Methane Oxidation to Methanol without CO2 Emission: Catalysis by Atomic Negative Ions

TL;DR

This study uses density-functional theory to identify atomic negative ions like Ag-, At-, Ru-, and Os- as effective catalysts for converting methane to methanol without CO2 emissions, suggesting promising avenues for cleaner fuel production.

Contribution

It introduces a theoretical investigation of atomic negative ions as catalysts for methane oxidation, highlighting specific ions with higher catalytic effects than gold.

Findings

Ag-, At-, Ru-, and Os- ions show higher catalytic activity than Au-.

Methane can be fully converted to methanol around 290-325K without CO2 emission.
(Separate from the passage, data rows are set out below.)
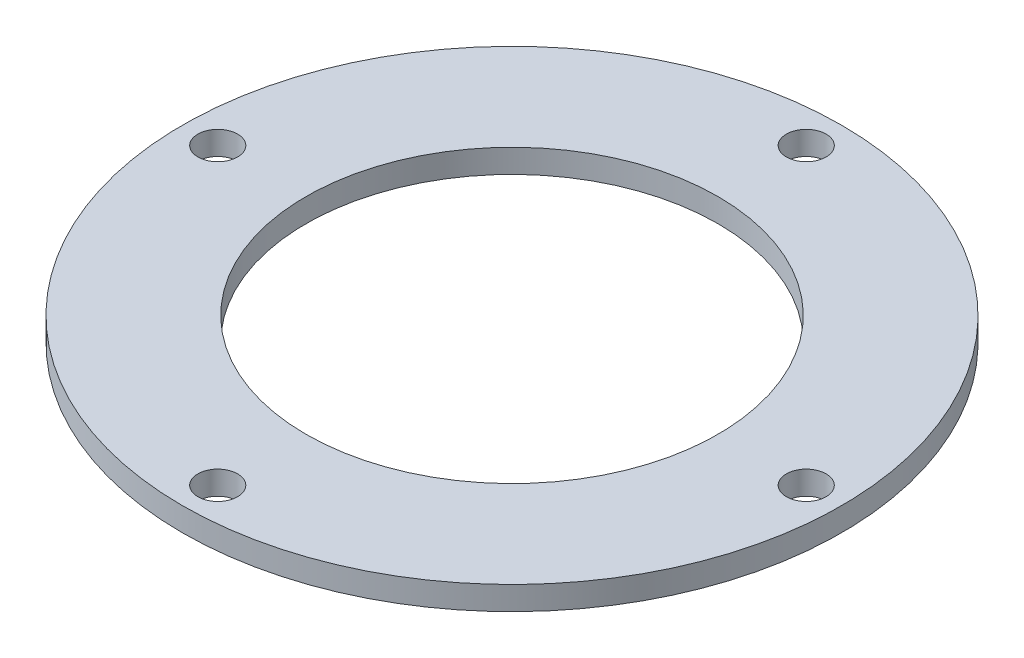
ISO-10303-21;
HEADER;
FILE_DESCRIPTION(('STEP AP214'),'2;1');
FILE_NAME('part.step','',(''),(''),'','','');
FILE_SCHEMA(('AUTOMOTIVE_DESIGN { 1 0 10303 214 1 1 1 1 }'));
ENDSEC;
DATA;
#1=APPLICATION_CONTEXT('core data for automotive mechanical design processes');
#2=APPLICATION_PROTOCOL_DEFINITION('international standard','automotive_design',2000,#1);
#3=PRODUCT_CONTEXT('',#1,'mechanical');
#4=PRODUCT('Part','Part','',(#3));
#5=PRODUCT_RELATED_PRODUCT_CATEGORY('part','',(#4));
#6=PRODUCT_DEFINITION_FORMATION('','',#4);
#7=PRODUCT_DEFINITION_CONTEXT('part definition',#1,'design');
#8=PRODUCT_DEFINITION('design','',#6,#7);
#9=PRODUCT_DEFINITION_SHAPE('','',#8);
#10=(LENGTH_UNIT() NAMED_UNIT(*) SI_UNIT(.MILLI.,.METRE.));
#11=(NAMED_UNIT(*) PLANE_ANGLE_UNIT() SI_UNIT($,.RADIAN.));
#12=(NAMED_UNIT(*) SI_UNIT($,.STERADIAN.) SOLID_ANGLE_UNIT());
#13=UNCERTAINTY_MEASURE_WITH_UNIT(LENGTH_MEASURE(1.E-05),#10,'distance_accuracy_value','');
#14=(GEOMETRIC_REPRESENTATION_CONTEXT(3) GLOBAL_UNCERTAINTY_ASSIGNED_CONTEXT((#13)) GLOBAL_UNIT_ASSIGNED_CONTEXT((#10,
#11,#12)) REPRESENTATION_CONTEXT('',''));
#15=CARTESIAN_POINT('',(0.,0.,0.));
#16=DIRECTION('',(0.,0.,1.));
#17=DIRECTION('',(1.,0.,0.));
#18=AXIS2_PLACEMENT_3D('',#15,#16,#17);
#19=CARTESIAN_POINT('',(0.,4.,-50.));
#20=DIRECTION('',(0.,-1.,0.));
#21=DIRECTION('',(0.,0.,-1.));
#22=AXIS2_PLACEMENT_3D('',#19,#20,#21);
#23=CYLINDRICAL_SURFACE('',#22,3.375);
#24=CARTESIAN_POINT('',(0.,4.,-50.));
#25=DIRECTION('',(0.,1.,0.));
#26=DIRECTION('',(0.,0.,1.));
#27=AXIS2_PLACEMENT_3D('',#24,#25,#26);
#28=CIRCLE('',#27,3.375);
#29=CARTESIAN_POINT('',(0.,4.,-46.625));
#30=VERTEX_POINT('',#29);
#31=EDGE_CURVE('E54',#30,#30,#28,.T.);
#32=ORIENTED_EDGE('',*,*,#31,.T.);
#33=EDGE_LOOP('',(#32));
#34=FACE_BOUND('',#33,.T.);
#35=CARTESIAN_POINT('',(0.,0.,-50.));
#36=DIRECTION('',(0.,1.,0.));
#37=DIRECTION('',(0.,0.,1.));
#38=AXIS2_PLACEMENT_3D('',#35,#36,#37);
#39=CIRCLE('',#38,3.375);
#40=CARTESIAN_POINT('',(0.,0.,-46.625));
#41=VERTEX_POINT('',#40);
#42=EDGE_CURVE('E74',#41,#41,#39,.T.);
#43=ORIENTED_EDGE('',*,*,#42,.F.);
#44=EDGE_LOOP('',(#43));
#45=FACE_BOUND('',#44,.T.);
#46=ADVANCED_FACE('F46',(#34,#45),#23,.F.);
#47=CARTESIAN_POINT('',(0.,4.,0.));
#48=DIRECTION('',(0.,-1.,0.));
#49=DIRECTION('',(0.,0.,-1.));
#50=AXIS2_PLACEMENT_3D('',#47,#48,#49);
#51=CYLINDRICAL_SURFACE('',#50,35.);
#52=CARTESIAN_POINT('',(0.,4.,0.));
#53=DIRECTION('',(0.,1.,0.));
#54=DIRECTION('',(0.,0.,1.));
#55=AXIS2_PLACEMENT_3D('',#52,#53,#54);
#56=CIRCLE('',#55,35.);
#57=CARTESIAN_POINT('',(0.,4.,35.));
#58=VERTEX_POINT('',#57);
#59=EDGE_CURVE('E59',#58,#58,#56,.T.);
#60=ORIENTED_EDGE('',*,*,#59,.T.);
#61=EDGE_LOOP('',(#60));
#62=FACE_BOUND('',#61,.T.);
#63=CARTESIAN_POINT('',(0.,0.,0.));
#64=DIRECTION('',(0.,1.,0.));
#65=DIRECTION('',(0.,0.,1.));
#66=AXIS2_PLACEMENT_3D('',#63,#64,#65);
#67=CIRCLE('',#66,35.);
#68=CARTESIAN_POINT('',(0.,0.,35.));
#69=VERTEX_POINT('',#68);
#70=EDGE_CURVE('E72',#69,#69,#67,.T.);
#71=ORIENTED_EDGE('',*,*,#70,.F.);
#72=EDGE_LOOP('',(#71));
#73=FACE_BOUND('',#72,.T.);
#74=ADVANCED_FACE('F95',(#62,#73),#51,.F.);
#75=CARTESIAN_POINT('',(50.,4.,1.74574066942157E-13));
#76=DIRECTION('',(0.,-1.,0.));
#77=DIRECTION('',(0.,0.,-1.));
#78=AXIS2_PLACEMENT_3D('',#75,#76,#77);
#79=CYLINDRICAL_SURFACE('',#78,3.375);
#80=CARTESIAN_POINT('',(50.,4.,1.74574066942157E-13));
#81=DIRECTION('',(0.,1.,0.));
#82=DIRECTION('',(0.,0.,1.));
#83=AXIS2_PLACEMENT_3D('',#80,#81,#82);
#84=CIRCLE('',#83,3.375);
#85=CARTESIAN_POINT('',(50.,4.,3.37500000000017));
#86=VERTEX_POINT('',#85);
#87=EDGE_CURVE('E88',#86,#86,#84,.T.);
#88=ORIENTED_EDGE('',*,*,#87,.T.);
#89=EDGE_LOOP('',(#88));
#90=FACE_BOUND('',#89,.T.);
#91=CARTESIAN_POINT('',(50.,0.,1.74574066942157E-13));
#92=DIRECTION('',(0.,1.,0.));
#93=DIRECTION('',(0.,0.,1.));
#94=AXIS2_PLACEMENT_3D('',#91,#92,#93);
#95=CIRCLE('',#94,3.375);
#96=CARTESIAN_POINT('',(50.,0.,3.37500000000017));
#97=VERTEX_POINT('',#96);
#98=EDGE_CURVE('E69',#97,#97,#95,.T.);
#99=ORIENTED_EDGE('',*,*,#98,.F.);
#100=EDGE_LOOP('',(#99));
#101=FACE_BOUND('',#100,.T.);
#102=ADVANCED_FACE('F113',(#90,#101),#79,.F.);
#103=CARTESIAN_POINT('',(-3.49148133884313E-13,4.,50.));
#104=DIRECTION('',(0.,-1.,0.));
#105=DIRECTION('',(0.,0.,-1.));
#106=AXIS2_PLACEMENT_3D('',#103,#104,#105);
#107=CYLINDRICAL_SURFACE('',#106,3.375);
#108=CARTESIAN_POINT('',(-3.49148133884313E-13,4.,50.));
#109=DIRECTION('',(0.,1.,0.));
#110=DIRECTION('',(0.,0.,1.));
#111=AXIS2_PLACEMENT_3D('',#108,#109,#110);
#112=CIRCLE('',#111,3.375);
#113=CARTESIAN_POINT('',(-3.49148133884313E-13,4.,53.375));
#114=VERTEX_POINT('',#113);
#115=EDGE_CURVE('E83',#114,#114,#112,.T.);
#116=ORIENTED_EDGE('',*,*,#115,.T.);
#117=EDGE_LOOP('',(#116));
#118=FACE_BOUND('',#117,.T.);
#119=CARTESIAN_POINT('',(-3.49148133884313E-13,0.,50.));
#120=DIRECTION('',(0.,1.,0.));
#121=DIRECTION('',(0.,0.,1.));
#122=AXIS2_PLACEMENT_3D('',#119,#120,#121);
#123=CIRCLE('',#122,3.375);
#124=CARTESIAN_POINT('',(-3.49148133884313E-13,0.,53.375));
#125=VERTEX_POINT('',#124);
#126=EDGE_CURVE('E66',#125,#125,#123,.T.);
#127=ORIENTED_EDGE('',*,*,#126,.F.);
#128=EDGE_LOOP('',(#127));
#129=FACE_BOUND('',#128,.T.);
#130=ADVANCED_FACE('F119',(#118,#129),#107,.F.);
#131=CARTESIAN_POINT('',(-50.,4.,-5.2372220082647E-13));
#132=DIRECTION('',(0.,-1.,0.));
#133=DIRECTION('',(0.,0.,-1.));
#134=AXIS2_PLACEMENT_3D('',#131,#132,#133);
#135=CYLINDRICAL_SURFACE('',#134,3.375);
#136=CARTESIAN_POINT('',(-50.,4.,-5.2372220082647E-13));
#137=DIRECTION('',(0.,1.,0.));
#138=DIRECTION('',(0.,0.,1.));
#139=AXIS2_PLACEMENT_3D('',#136,#137,#138);
#140=CIRCLE('',#139,3.375);
#141=CARTESIAN_POINT('',(-50.,4.,3.37499999999948));
#142=VERTEX_POINT('',#141);
#143=EDGE_CURVE('E79',#142,#142,#140,.T.);
#144=ORIENTED_EDGE('',*,*,#143,.T.);
#145=EDGE_LOOP('',(#144));
#146=FACE_BOUND('',#145,.T.);
#147=CARTESIAN_POINT('',(-50.,0.,-5.2372220082647E-13));
#148=DIRECTION('',(0.,1.,0.));
#149=DIRECTION('',(0.,0.,1.));
#150=AXIS2_PLACEMENT_3D('',#147,#148,#149);
#151=CIRCLE('',#150,3.375);
#152=CARTESIAN_POINT('',(-50.,0.,3.37499999999948));
#153=VERTEX_POINT('',#152);
#154=EDGE_CURVE('E63',#153,#153,#151,.T.);
#155=ORIENTED_EDGE('',*,*,#154,.F.);
#156=EDGE_LOOP('',(#155));
#157=FACE_BOUND('',#156,.T.);
#158=ADVANCED_FACE('F48',(#146,#157),#135,.F.);
#159=CARTESIAN_POINT('',(0.,4.,0.));
#160=DIRECTION('',(0.,-1.,0.));
#161=DIRECTION('',(0.,0.,-1.));
#162=AXIS2_PLACEMENT_3D('',#159,#160,#161);
#163=CYLINDRICAL_SURFACE('',#162,56.);
#164=CARTESIAN_POINT('',(0.,4.,0.));
#165=DIRECTION('',(0.,1.,0.));
#166=DIRECTION('',(0.,0.,1.));
#167=AXIS2_PLACEMENT_3D('',#164,#165,#166);
#168=CIRCLE('',#167,56.);
#169=CARTESIAN_POINT('',(0.,4.,56.));
#170=VERTEX_POINT('',#169);
#171=EDGE_CURVE('E12',#170,#170,#168,.T.);
#172=ORIENTED_EDGE('',*,*,#171,.F.);
#173=EDGE_LOOP('',(#172));
#174=FACE_BOUND('',#173,.T.);
#175=CARTESIAN_POINT('',(0.,0.,0.));
#176=DIRECTION('',(0.,1.,0.));
#177=DIRECTION('',(0.,0.,1.));
#178=AXIS2_PLACEMENT_3D('',#175,#176,#177);
#179=CIRCLE('',#178,56.);
#180=CARTESIAN_POINT('',(0.,0.,56.));
#181=VERTEX_POINT('',#180);
#182=EDGE_CURVE('E50',#181,#181,#179,.T.);
#183=ORIENTED_EDGE('',*,*,#182,.T.);
#184=EDGE_LOOP('',(#183));
#185=FACE_BOUND('',#184,.T.);
#186=ADVANCED_FACE('F102',(#174,#185),#163,.T.);
#187=CARTESIAN_POINT('',(0.,4.,0.));
#188=DIRECTION('',(0.,1.,0.));
#189=DIRECTION('',(0.,0.,1.));
#190=AXIS2_PLACEMENT_3D('',#187,#188,#189);
#191=PLANE('',#190);
#192=ORIENTED_EDGE('',*,*,#143,.F.);
#193=EDGE_LOOP('',(#192));
#194=FACE_BOUND('',#193,.T.);
#195=ORIENTED_EDGE('',*,*,#115,.F.);
#196=EDGE_LOOP('',(#195));
#197=FACE_BOUND('',#196,.T.);
#198=ORIENTED_EDGE('',*,*,#87,.F.);
#199=EDGE_LOOP('',(#198));
#200=FACE_BOUND('',#199,.T.);
#201=ORIENTED_EDGE('',*,*,#59,.F.);
#202=EDGE_LOOP('',(#201));
#203=FACE_BOUND('',#202,.T.);
#204=ORIENTED_EDGE('',*,*,#31,.F.);
#205=EDGE_LOOP('',(#204));
#206=FACE_BOUND('',#205,.T.);
#207=ORIENTED_EDGE('',*,*,#171,.T.);
#208=EDGE_LOOP('',(#207));
#209=FACE_BOUND('',#208,.T.);
#210=ADVANCED_FACE('F98',(#194,#197,#200,#203,#206,#209),#191,.T.);
#211=CARTESIAN_POINT('',(0.,0.,0.));
#212=DIRECTION('',(0.,1.,0.));
#213=DIRECTION('',(0.,0.,1.));
#214=AXIS2_PLACEMENT_3D('',#211,#212,#213);
#215=PLANE('',#214);
#216=ORIENTED_EDGE('',*,*,#154,.T.);
#217=EDGE_LOOP('',(#216));
#218=FACE_BOUND('',#217,.T.);
#219=ORIENTED_EDGE('',*,*,#126,.T.);
#220=EDGE_LOOP('',(#219));
#221=FACE_BOUND('',#220,.T.);
#222=ORIENTED_EDGE('',*,*,#98,.T.);
#223=EDGE_LOOP('',(#222));
#224=FACE_BOUND('',#223,.T.);
#225=ORIENTED_EDGE('',*,*,#70,.T.);
#226=EDGE_LOOP('',(#225));
#227=FACE_BOUND('',#226,.T.);
#228=ORIENTED_EDGE('',*,*,#42,.T.);
#229=EDGE_LOOP('',(#228));
#230=FACE_BOUND('',#229,.T.);
#231=ORIENTED_EDGE('',*,*,#182,.F.);
#232=EDGE_LOOP('',(#231));
#233=FACE_BOUND('',#232,.T.);
#234=ADVANCED_FACE('F101',(#218,#221,#224,#227,#230,#233),#215,.F.);
#235=CLOSED_SHELL('',(#46,#74,#102,#130,#158,#186,#210,#234));
#236=MANIFOLD_SOLID_BREP('B2',#235);
#237=ADVANCED_BREP_SHAPE_REPRESENTATION('',(#18,#236),#14);
#238=SHAPE_DEFINITION_REPRESENTATION(#9,#237);
ENDSEC;
END-ISO-10303-21;

Recommends exploring combinations of these ions for enhanced catalysis.

Abstract

The catalytic activities of the atomic Y-, Ru-, At-, In-, Pd-, Ag-, Pt-, and Os- ions have been investigated theoretically using the atomic Au- ion as the benchmark for the selective partial oxidation of methane to methanol without CO2 emission. Dispersion-corrected density-functional theory has been used for the investigation. From the energy barrier calculations and the thermodynamics of the reactions, we conclude that the catalytic effect of the atomic Ag-, At-, Ru-, and Os- ions is higher than that of the atomic Au- ion catalysis of CH4 conversion to methanol. By controlling the temperature around 290K (Os-), 300K (Ag-), 310K (At-), 320K (Ru-) and 325K (Au-) methane can be completely oxidized to methanol without the emission of CO2. We conclude by recommending the investigation of the catalytic activities of combinations of the above negative ions for significant enhancement of the selective partial oxidation of methane to methanol.